**** EXTRACTED INFORMATION

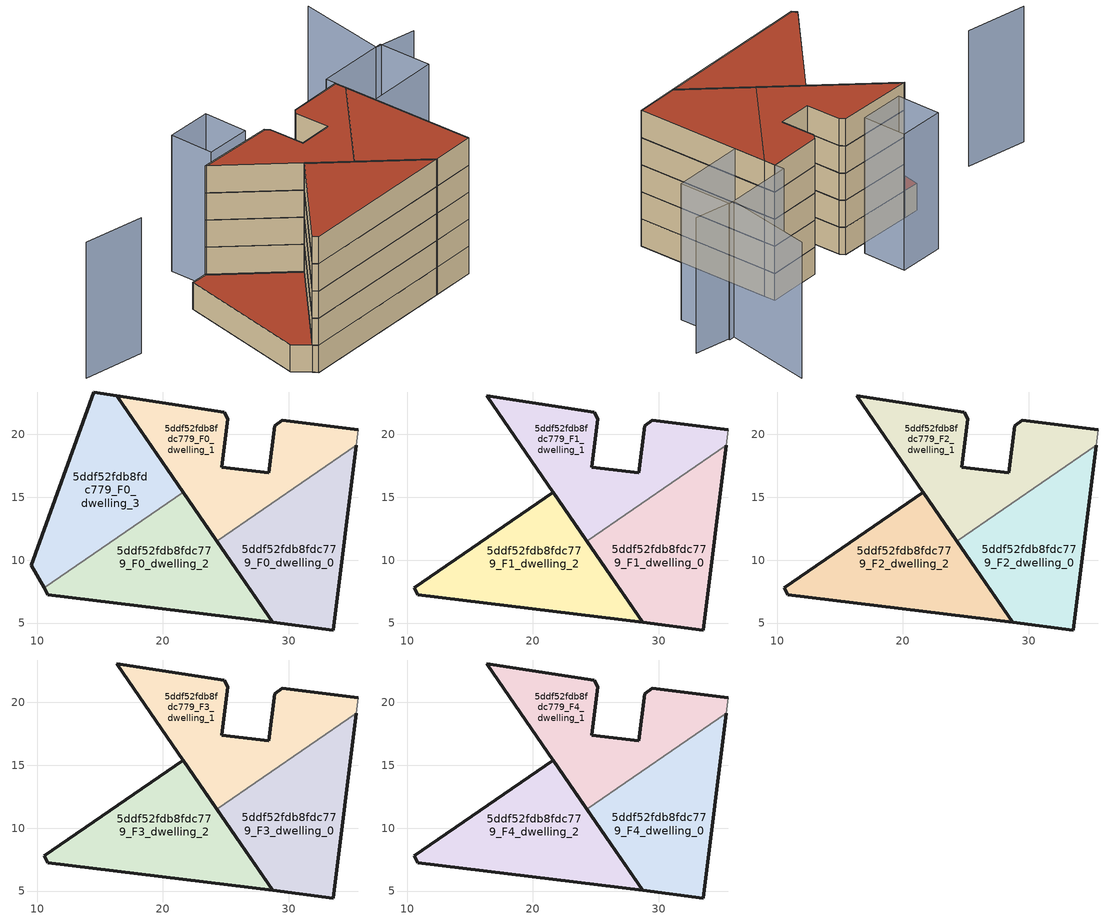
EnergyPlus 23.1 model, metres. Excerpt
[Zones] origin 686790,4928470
5ddf52fdb8fdc779_F0_dwelling_0
 floor ground (EU_floor_Construction): 33.58,4.45 35.39,19.15 24.3,11.51 28.75,5.04 z0
 wall outside (EU_wall_Construction): 35.39,19.15 33.58,4.45 28.75,5.04 24.3,11.51 z0:3
 wall to 5ddf52fdb8fdc779_F0_dwelling_1 (EU_wall_Construction): 24.3,11.51 35.39,19.15 z0:3
5ddf52fdb8fdc779_F0_dwelling_1
 floor ground (EU_floor_Construction): 35.39,19.15 35.54,20.38 29.49,21.13 28.89,20.67 28.45,16.96 24.71,17.41 25.17,21.25 24.88,21.78 16.32,23.09 24.3,11.51 z0
 wall outside (EU_wall_Construction): 24.3,11.51 16.32,23.09 24.88,21.78 25.17,21.25 24.71,17.41 28.45,16.96 28.89,20.67 29.49,21.13 35.54,20.38 z0:3
 wall adiabatic (EU_wall_Construction): 35.54,20.38 35.39,19.15 z0:3
5ddf52fdb8fdc779_F0_dwelling_2
 floor ground (EU_floor_Construction): 28.75,5.04 21.62,15.4 10.56,7.79 10.86,7.26 z0
 wall outside (EU_wall_Construction): 21.62,15.4 28.75,5.04 10.86,7.26 10.56,7.79 z0:3
 wall to 5ddf52fdb8fdc779_F0_dwelling_3 (EU_wall_Construction): 10.56,7.79 21.62,15.4 z0:3
5ddf52fdb8fdc779_F0_dwelling_3
 floor ground (EU_floor_Construction): 21.62,15.4 16.32,23.09 14.5,23.38 9.55,9.61 10.56,7.79 z0
 wall outside (EU_wall_Construction): 10.56,7.79 9.55,9.61 14.5,23.38 16.32,23.09 21.62,15.4 z0:3
 roof outside (EU_roof_Construction): 16.32,23.09 21.62,15.4 10.56,7.79 9.55,9.61 14.5,23.38 z3
5ddf52fdb8fdc779_F1_dwelling_0
 floor to 5ddf52fdb8fdc779_F0_dwelling_0 (EU_floor_Construction): 33.58,4.45 35.39,19.15 24.3,11.51 28.75,5.04 z3
 wall outside (EU_wall_Construction): 35.39,19.15 33.58,4.45 28.75,5.04 24.3,11.51 z3:6
 wall to 5ddf52fdb8fdc779_F1_dwelling_1 (EU_wall_Construction): 24.3,11.51 35.39,19.15 z3:6
5ddf52fdb8fdc779_F1_dwelling_1
 floor to 5ddf52fdb8fdc779_F0_dwelling_1 (EU_floor_Construction): 35.39,19.15 35.54,20.38 29.49,21.13 28.89,20.67 28.45,16.96 24.71,17.41 25.17,21.25 24.88,21.78 16.32,23.09 24.3,11.51 z3
 wall outside (EU_wall_Construction): 24.3,11.51 16.32,23.09 24.88,21.78 25.17,21.25 24.71,17.41 28.45,16.96 28.89,20.67 29.49,21.13 35.54,20.38 z3:6
 wall adiabatic (EU_wall_Construction): 35.54,20.38 35.39,19.15 z3:6
5ddf52fdb8fdc779_F1_dwelling_2
 floor to 5ddf52fdb8fdc779_F0_dwelling_2 (EU_floor_Construction): 28.75,5.04 21.62,15.4 10.56,7.79 10.86,7.26 z3
 wall outside (EU_wall_Construction): 10.86,7.26 10.56,7.79 21.62,15.4 28.75,5.04 10.86,7.26 z3:6
5ddf52fdb8fdc779_F2_dwelling_0
 floor to 5ddf52fdb8fdc779_F1_dwelling_0 (EU_floor_Construction): 33.58,4.45 35.39,19.15 24.3,11.51 28.75,5.04 z6
 wall outside (EU_wall_Construction): 35.39,19.15 33.58,4.45 28.75,5.04 24.3,11.51 z6:9
 wall to 5ddf52fdb8fdc779_F2_dwelling_1 (EU_wall_Construction): 24.3,11.51 35.39,19.15 z6:9
5ddf52fdb8fdc779_F2_dwelling_1
 floor to 5ddf52fdb8fdc779_F1_dwelling_1 (EU_floor_Construction): 35.39,19.15 35.54,20.38 29.49,21.13 28.89,20.67 28.45,16.96 24.71,17.41 25.17,21.25 24.88,21.78 16.32,23.09 24.3,11.51 z6
 wall outside (EU_wall_Construction): 24.3,11.51 16.32,23.09 24.88,21.78 25.17,21.25 24.71,17.41 28.45,16.96 28.89,20.67 29.49,21.13 35.54,20.38 z6:9
 wall adiabatic (EU_wall_Construction): 35.54,20.38 35.39,19.15 z6:9
5ddf52fdb8fdc779_F2_dwelling_2
 floor to 5ddf52fdb8fdc779_F1_dwelling_2 (EU_floor_Construction): 28.75,5.04 21.62,15.4 10.56,7.79 10.86,7.26 z6
 wall outside (EU_wall_Construction): 10.86,7.26 10.56,7.79 21.62,15.4 28.75,5.04 10.86,7.26 z6:9
5ddf52fdb8fdc779_F3_dwelling_0
 floor to 5ddf52fdb8fdc779_F2_dwelling_0 (EU_floor_Construction): 33.58,4.45 35.39,19.15 24.3,11.51 28.75,5.04 z9
 wall outside (EU_wall_Construction): 35.39,19.15 33.58,4.45 28.75,5.04 24.3,11.51 z9:12
 wall to 5ddf52fdb8fdc779_F3_dwelling_1 (EU_wall_Construction): 24.3,11.51 35.39,19.15 z9:12
5ddf52fdb8fdc779_F3_dwelling_1
 floor to 5ddf52fdb8fdc779_F2_dwelling_1 (EU_floor_Construction): 35.39,19.15 35.54,20.38 29.49,21.13 28.89,20.67 28.45,16.96 24.71,17.41 25.17,21.25 24.88,21.78 16.32,23.09 24.3,11.51 z9
 wall outside (EU_wall_Construction): 24.3,11.51 16.32,23.09 24.88,21.78 25.17,21.25 24.71,17.41 28.45,16.96 28.89,20.67 29.49,21.13 35.54,20.38 z9:12
 wall adiabatic (EU_wall_Construction): 35.54,20.38 35.39,19.15 z9:12
5ddf52fdb8fdc779_F3_dwelling_2
 floor to 5ddf52fdb8fdc779_F2_dwelling_2 (EU_floor_Construction): 28.75,5.04 21.62,15.4 10.56,7.79 10.86,7.26 z9
 wall outside (EU_wall_Construction): 10.86,7.26 10.56,7.79 21.62,15.4 28.75,5.04 10.86,7.26 z9:12
5ddf52fdb8fdc779_F4_dwelling_0
 floor to 5ddf52fdb8fdc779_F3_dwelling_0 (EU_floor_Construction): 33.58,4.45 35.39,19.15 24.3,11.51 28.75,5.04 z12
 wall outside (EU_wall_Construction): 35.39,19.15 33.58,4.45 28.75,5.04 24.3,11.51 z12:15
 wall to 5ddf52fdb8fdc779_F4_dwelling_1 (EU_wall_Construction): 24.3,11.51 35.39,19.15 z12:15
 roof outside (EU_roof_Construction): 35.39,19.15 33.58,4.45 28.75,5.04 24.3,11.51 z15
5ddf52fdb8fdc779_F4_dwelling_1
 floor to 5ddf52fdb8fdc779_F3_dwelling_1 (EU_floor_Construction): 35.39,19.15 35.54,20.38 29.49,21.13 28.89,20.67 28.45,16.96 24.71,17.41 25.17,21.25 24.88,21.78 16.32,23.09 24.3,11.51 z12
 wall outside (EU_wall_Construction): 24.3,11.51 16.32,23.09 24.88,21.78 25.17,21.25 24.71,17.41 28.45,16.96 28.89,20.67 29.49,21.13 35.54,20.38 z12:15
 wall adiabatic (EU_wall_Construction): 35.54,20.38 35.39,19.15 z12:15
 roof outside (EU_roof_Construction): 35.54,20.38 35.39,19.15 24.3,11.51 16.32,23.09 24.88,21.78 25.17,21.25 24.71,17.41 28.45,16.96 28.89,20.67 29.49,21.13 z15
5ddf52fdb8fdc779_F4_dwelling_2
 floor to 5ddf52fdb8fdc779_F3_dwelling_2 (EU_floor_Construction): 28.75,5.04 21.62,15.4 10.56,7.79 10.86,7.26 z12
 wall outside (EU_wall_Construction): 10.86,7.26 10.56,7.79 21.62,15.4 28.75,5.04 10.86,7.26 z12:15
 roof outside (EU_roof_Construction): 21.62,15.4 28.75,5.04 10.86,7.26 10.56,7.79 z15
shading: 47.53,19.02 43.14,20.46 / 43.14,20.46 46.21,29.84 / 5.14,23.41 -1.39,25.55 / 43.01,14.62 34.93,15.66 / 34.93,15.66 35.68,21.47 / 35.68,21.47 43.75,20.43 / 43.75,20.43 43.01,14.62 / 23.75,23.19 18.72,23.93 / 18.72,23.93 19.43,28.7 / 19.43,28.7 24.45,27.95 / 24.45,27.95 23.75,23.19 z0:15
[Building]
EU S2 Campaign: North Axis=0; Terrain=City; Solar Distribution=FullExterior
[Site:Location]
Bologna: Latitude=44.5; Longitude=11.25; Time Zone=1; Elevation=37
[SizingPeriod:WeatherFileDays]
AnnualSizingPeriod: Begin Month=1; Begin Day of Month=1; End Month=12; End Day of Month=31; Day of Week for Start Day=Monday; Use Weather File Daylight Saving Period=No; Use Weather File Rain and Snow Indicators=No
[MATERIAL]
EU_InternalMass_Material: Roughness=MediumRough; Thickness=0.1; Conductivity=1; Density=1800; Specific Heat=900; Thermal Absorptance=0.9; Solar Absorptance=0.7; Visible Absorptance=0.7
[MATERIAL:NOMASS] Roughness=MediumRough; Thermal Absorptance=0.9; Solar Absorptance=0.7; Visible Absorptance=0.7
Name | Thermal Resistance
EU_wall_NoMass | 0.905828
EU_roof_NoMass | 0.37593
EU_floor_NoMass | 0.67114
[CONSTRUCTION]
EU_wall_Construction: EU_wall_NoMass
EU_roof_Construction: EU_roof_NoMass
EU_floor_Construction: EU_floor_NoMass
EU_InternalMass_Construction: EU_InternalMass_Material
[ZONE] Type=1; Multiplier=1; Ceiling Height=autocalculate; Floor Area=autocalculate; Part of Total Floor Area=Yes
Name | Volume
5ddf52fdb8fdc779_F0_dwelling_0; 5ddf52fdb8fdc779_F1_dwelling_0; 5ddf52fdb8fdc779_F2_dwelling_0; 5ddf52fdb8fdc779_F3_dwelling_0; 5ddf52fdb8fdc779_F4_dwelling_0 | 266.759
5ddf52fdb8fdc779_F0_dwelling_1; 5ddf52fdb8fdc779_F1_dwelling_1; 5ddf52fdb8fdc779_F2_dwelling_1; 5ddf52fdb8fdc779_F3_dwelling_1; 5ddf52fdb8fdc779_F4_dwelling_1 | 266.749
5ddf52fdb8fdc779_F0_dwelling_2; 5ddf52fdb8fdc779_F1_dwelling_2; 5ddf52fdb8fdc779_F2_dwelling_2; 5ddf52fdb8fdc779_F3_dwelling_2; 5ddf52fdb8fdc779_F4_dwelling_2 | 266.711
5ddf52fdb8fdc779_F0_dwelling_3 | 266.731
[INTERNALMASS] Construction=EU_InternalMass_Construction
Name | Zone or ZoneList | Surface Area
5ddf52fdb8fdc779_F0_dwelling_0_EU_InternalMass | 5ddf52fdb8fdc779_F0_dwelling_0 | 88.9201
5ddf52fdb8fdc779_F0_dwelling_1_EU_InternalMass | 5ddf52fdb8fdc779_F0_dwelling_1 | 88.9169
5ddf52fdb8fdc779_F0_dwelling_2_EU_InternalMass | 5ddf52fdb8fdc779_F0_dwelling_2 | 88.9081
5ddf52fdb8fdc779_F0_dwelling_3_EU_InternalMass | 5ddf52fdb8fdc779_F0_dwelling_3 | 88.9097
5ddf52fdb8fdc779_F1_dwelling_0_EU_InternalMass | 5ddf52fdb8fdc779_F1_dwelling_0 | 118.548
5ddf52fdb8fdc779_F1_dwelling_1_EU_InternalMass | 5ddf52fdb8fdc779_F1_dwelling_1 | 118.555
5ddf52fdb8fdc779_F1_dwelling_2_EU_InternalMass | 5ddf52fdb8fdc779_F1_dwelling_2 | 118.545
5ddf52fdb8fdc779_F2_dwelling_0_EU_InternalMass | 5ddf52fdb8fdc779_F2_dwelling_0 | 118.548
5ddf52fdb8fdc779_F2_dwelling_1_EU_InternalMass | 5ddf52fdb8fdc779_F2_dwelling_1 | 118.555
5ddf52fdb8fdc779_F2_dwelling_2_EU_InternalMass | 5ddf52fdb8fdc779_F2_dwelling_2 | 118.545
5ddf52fdb8fdc779_F3_dwelling_0_EU_InternalMass | 5ddf52fdb8fdc779_F3_dwelling_0 | 118.548
5ddf52fdb8fdc779_F3_dwelling_1_EU_InternalMass | 5ddf52fdb8fdc779_F3_dwelling_1 | 118.555
5ddf52fdb8fdc779_F3_dwelling_2_EU_InternalMass | 5ddf52fdb8fdc779_F3_dwelling_2 | 118.545
5ddf52fdb8fdc779_F4_dwelling_0_EU_InternalMass | 5ddf52fdb8fdc779_F4_dwelling_0 | 118.548
5ddf52fdb8fdc779_F4_dwelling_1_EU_InternalMass | 5ddf52fdb8fdc779_F4_dwelling_1 | 118.555
5ddf52fdb8fdc779_F4_dwelling_2_EU_InternalMass | 5ddf52fdb8fdc779_F4_dwelling_2 | 118.545
[OTHEREQUIPMENT] Fuel Type=Electricity; Design Level Calculation Method=Watts/Area; Power per Zone Floor Area=1; Fraction Latent=0; Fraction Radiant=0; Fraction Lost=0; Carbon Dioxide Generation Rate=0; EndUse Subcategory=EU_Step8_InternalGains
Name | Zone or ZoneList or Space or SpaceList | Schedule
EU_Step8_InternalGain_5ddf52fdb8fdc779_F0_dwelling_0_f000 | 5ddf52fdb8fdc779_F0_dwelling_0 | EU_Step8_GainSchedule_5ddf52fdb8fdc779_F0_dwelling_0_f000
EU_Step8_InternalGain_5ddf52fdb8fdc779_F0_dwelling_1_f000 | 5ddf52fdb8fdc779_F0_dwelling_1 | EU_Step8_GainSchedule_5ddf52fdb8fdc779_F0_dwelling_1_f000
EU_Step8_InternalGain_5ddf52fdb8fdc779_F0_dwelling_2_f000 | 5ddf52fdb8fdc779_F0_dwelling_2 | EU_Step8_GainSchedule_5ddf52fdb8fdc779_F0_dwelling_2_f000
EU_Step8_InternalGain_5ddf52fdb8fdc779_F0_dwelling_3_f000 | 5ddf52fdb8fdc779_F0_dwelling_3 | EU_Step8_GainSchedule_5ddf52fdb8fdc779_F0_dwelling_3_f000
EU_Step8_InternalGain_5ddf52fdb8fdc779_F1_dwelling_0_f000 | 5ddf52fdb8fdc779_F1_dwelling_0 | EU_Step8_GainSchedule_5ddf52fdb8fdc779_F1_dwelling_0_f000
EU_Step8_InternalGain_5ddf52fdb8fdc779_F1_dwelling_1_f000 | 5ddf52fdb8fdc779_F1_dwelling_1 | EU_Step8_GainSchedule_5ddf52fdb8fdc779_F1_dwelling_1_f000
EU_Step8_InternalGain_5ddf52fdb8fdc779_F1_dwelling_2_f000 | 5ddf52fdb8fdc779_F1_dwelling_2 | EU_Step8_GainSchedule_5ddf52fdb8fdc779_F1_dwelling_2_f000
EU_Step8_InternalGain_5ddf52fdb8fdc779_F2_dwelling_0_f000 | 5ddf52fdb8fdc779_F2_dwelling_0 | EU_Step8_GainSchedule_5ddf52fdb8fdc779_F2_dwelling_0_f000
EU_Step8_InternalGain_5ddf52fdb8fdc779_F2_dwelling_1_f000 | 5ddf52fdb8fdc779_F2_dwelling_1 | EU_Step8_GainSchedule_5ddf52fdb8fdc779_F2_dwelling_1_f000
EU_Step8_InternalGain_5ddf52fdb8fdc779_F2_dwelling_2_f000 | 5ddf52fdb8fdc779_F2_dwelling_2 | EU_Step8_GainSchedule_5ddf52fdb8fdc779_F2_dwelling_2_f000
EU_Step8_InternalGain_5ddf52fdb8fdc779_F3_dwelling_0_f000 | 5ddf52fdb8fdc779_F3_dwelling_0 | EU_Step8_GainSchedule_5ddf52fdb8fdc779_F3_dwelling_0_f000
EU_Step8_InternalGain_5ddf52fdb8fdc779_F3_dwelling_1_f000 | 5ddf52fdb8fdc779_F3_dwelling_1 | EU_Step8_GainSchedule_5ddf52fdb8fdc779_F3_dwelling_1_f000
EU_Step8_InternalGain_5ddf52fdb8fdc779_F3_dwelling_2_f000 | 5ddf52fdb8fdc779_F3_dwelling_2 | EU_Step8_GainSchedule_5ddf52fdb8fdc779_F3_dwelling_2_f000
EU_Step8_InternalGain_5ddf52fdb8fdc779_F4_dwelling_0_f000 | 5ddf52fdb8fdc779_F4_dwelling_0 | EU_Step8_GainSchedule_5ddf52fdb8fdc779_F4_dwelling_0_f000
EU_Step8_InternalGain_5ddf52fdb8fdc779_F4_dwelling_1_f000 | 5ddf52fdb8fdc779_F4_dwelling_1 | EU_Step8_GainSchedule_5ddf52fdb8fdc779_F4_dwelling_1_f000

********

EXERCISE BRIEF: Above are the entries. Copy exactly the part that opens with the line containing "[SizingPeriod:WeatherFileDays]" and closes with the line containing "EU_InternalMass_Material: Roughness=MediumRough; Thickness=0.1;", and no more.

PROBLEM SOLUTION:
[SizingPeriod:WeatherFileDays]
AnnualSizingPeriod: Begin Month=1; Begin Day of Month=1; End Month=12; End Day of Month=31; Day of Week for Start Day=Monday; Use Weather File Daylight Saving Period=No; Use Weather File Rain and Snow Indicators=No
[MATERIAL]
EU_InternalMass_Material: Roughness=MediumRough; Thickness=0.1; Conductivity=1; Density=1800; Specific Heat=900; Thermal Absorptance=0.9; Solar Absorptance=0.7; Visible Absorptance=0.7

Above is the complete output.